**Exercise details**
Among the entries below, one line contains "(4.025, 0), align=None)" and another contains "# CBORE for M4 SHCS1 at 2: CBORE". Transcribe those two lines and every line between them, exactly.

[Stored items]
%%

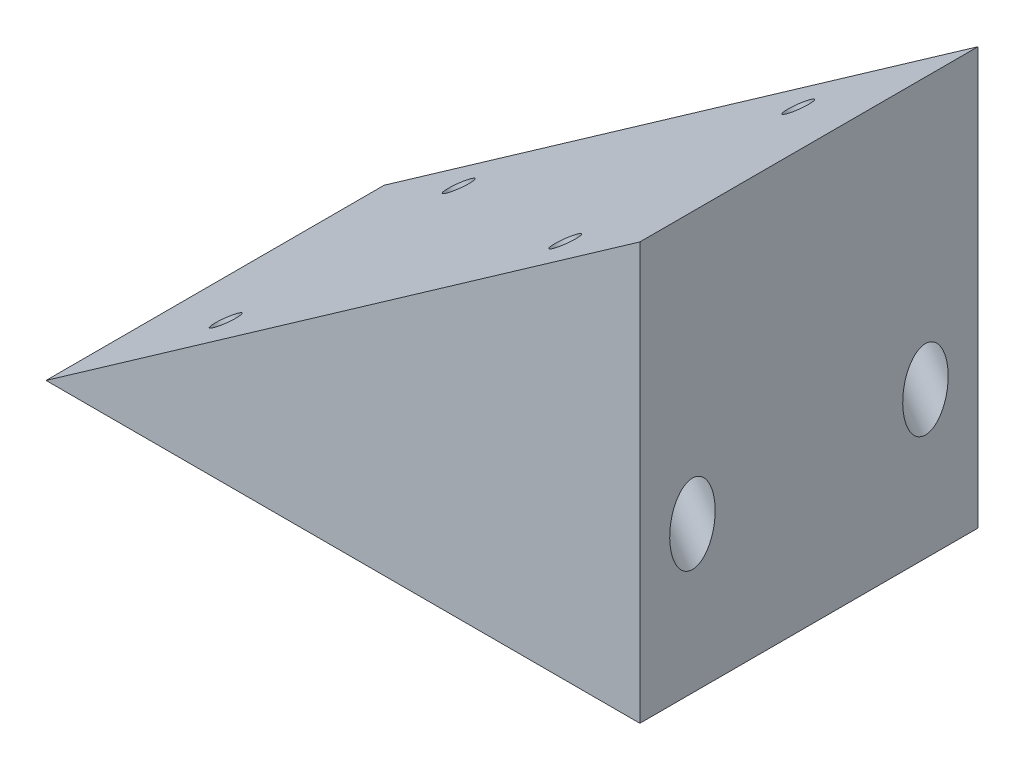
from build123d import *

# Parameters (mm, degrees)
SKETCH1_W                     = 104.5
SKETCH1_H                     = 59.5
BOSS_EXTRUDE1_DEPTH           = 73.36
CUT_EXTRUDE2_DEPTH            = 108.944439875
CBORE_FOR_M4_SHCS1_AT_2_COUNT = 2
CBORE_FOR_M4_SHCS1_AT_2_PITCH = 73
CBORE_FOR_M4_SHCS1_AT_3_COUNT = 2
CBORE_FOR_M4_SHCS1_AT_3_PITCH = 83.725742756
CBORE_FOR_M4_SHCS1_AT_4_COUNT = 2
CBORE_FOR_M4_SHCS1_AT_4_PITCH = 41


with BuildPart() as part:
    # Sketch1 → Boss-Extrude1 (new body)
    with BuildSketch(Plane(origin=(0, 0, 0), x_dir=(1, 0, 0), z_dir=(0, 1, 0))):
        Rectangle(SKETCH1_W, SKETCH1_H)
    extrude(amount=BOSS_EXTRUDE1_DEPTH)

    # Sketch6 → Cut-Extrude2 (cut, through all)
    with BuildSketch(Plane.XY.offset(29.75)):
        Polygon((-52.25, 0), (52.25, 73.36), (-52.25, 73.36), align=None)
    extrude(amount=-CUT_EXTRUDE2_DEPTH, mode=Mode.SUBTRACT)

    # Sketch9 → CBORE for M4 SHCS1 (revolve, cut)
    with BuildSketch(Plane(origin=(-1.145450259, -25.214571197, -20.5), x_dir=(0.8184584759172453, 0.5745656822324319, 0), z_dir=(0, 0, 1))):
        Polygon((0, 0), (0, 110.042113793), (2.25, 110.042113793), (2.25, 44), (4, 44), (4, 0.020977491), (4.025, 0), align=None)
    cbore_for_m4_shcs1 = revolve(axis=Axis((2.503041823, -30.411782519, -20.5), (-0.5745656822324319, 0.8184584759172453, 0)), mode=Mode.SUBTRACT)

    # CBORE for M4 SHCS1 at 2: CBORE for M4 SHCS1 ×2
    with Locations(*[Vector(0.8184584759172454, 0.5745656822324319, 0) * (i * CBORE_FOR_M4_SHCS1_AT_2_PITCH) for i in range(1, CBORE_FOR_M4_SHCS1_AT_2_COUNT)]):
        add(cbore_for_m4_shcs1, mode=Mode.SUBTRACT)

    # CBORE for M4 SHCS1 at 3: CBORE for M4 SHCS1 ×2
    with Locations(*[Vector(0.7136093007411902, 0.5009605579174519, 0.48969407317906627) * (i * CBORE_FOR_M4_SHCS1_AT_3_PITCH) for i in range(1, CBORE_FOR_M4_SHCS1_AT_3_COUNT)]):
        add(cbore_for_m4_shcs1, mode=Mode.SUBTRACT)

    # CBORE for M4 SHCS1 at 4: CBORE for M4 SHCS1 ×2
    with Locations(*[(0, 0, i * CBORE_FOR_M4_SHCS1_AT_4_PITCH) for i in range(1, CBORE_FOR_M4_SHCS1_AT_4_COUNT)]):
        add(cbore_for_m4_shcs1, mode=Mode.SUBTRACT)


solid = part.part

%%

**Solution**
        Polygon((0, 0), (0, 110.042113793), (2.25, 110.042113793), (2.25, 44), (4, 44), (4, 0.020977491), (4.025, 0), align=None)
    cbore_for_m4_shcs1 = revolve(axis=Axis((2.503041823, -30.411782519, -20.5), (-0.5745656822324319, 0.8184584759172453, 0)), mode=Mode.SUBTRACT)

    # CBORE for M4 SHCS1 at 2: CBORE for M4 SHCS1 ×2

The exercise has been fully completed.